Dr. Kormendi co-founded Kormendi \ Gardner Partners, known as KGP, a financial advisory firm based in Washington, D.C. At KGP, Dr. Kormendi directed and co-directed many innovative financial engagements for public and private clients. Among these were the first “pipeline sale” public-private partnership for the Department of Defense, the renegotiation of the largest federally assisted acquisition of a failed thrift for the Resolution Trust Corporation ("RTC"), the first variable equity retained interest transactions (also for RTC), and the first plan for distributing a Sarbanes-Oxley Fair Fund established to compensate investors in variable annuity funds harmed by illegal trading by market timers for the Securities and Exchange Commission. In addition, Dr.
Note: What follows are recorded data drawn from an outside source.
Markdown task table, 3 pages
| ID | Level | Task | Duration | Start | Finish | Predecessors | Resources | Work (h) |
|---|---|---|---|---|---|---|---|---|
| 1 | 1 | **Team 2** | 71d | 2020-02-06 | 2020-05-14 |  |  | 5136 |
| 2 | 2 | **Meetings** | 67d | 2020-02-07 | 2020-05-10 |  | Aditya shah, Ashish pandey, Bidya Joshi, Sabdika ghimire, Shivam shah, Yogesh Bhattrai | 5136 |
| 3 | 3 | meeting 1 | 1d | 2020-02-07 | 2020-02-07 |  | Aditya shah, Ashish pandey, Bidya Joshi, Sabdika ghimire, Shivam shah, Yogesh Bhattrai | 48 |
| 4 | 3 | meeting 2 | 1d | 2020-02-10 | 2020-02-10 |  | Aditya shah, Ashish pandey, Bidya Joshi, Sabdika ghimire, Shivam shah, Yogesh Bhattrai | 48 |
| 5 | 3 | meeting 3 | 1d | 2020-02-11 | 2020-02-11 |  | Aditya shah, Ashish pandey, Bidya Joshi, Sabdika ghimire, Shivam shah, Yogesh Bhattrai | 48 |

Kormendi led the KGP team that advised a private client on its effort to re-capitalize Credit Foncier de France, a historic bank owned by the French government.
Marriage and children
Kormendi was married three times: first, to the former Paula Stone; second, to Kira Karmazin; third, to Traci Jefferson. He had three sons by his first marriage, Andre, Peter, and Alex.
Death and afterward
Kormendi died February 25, 2009 at the age of 59 after a long battle with Creutzfeldt–Jakob disease, a degenerative brain disorder.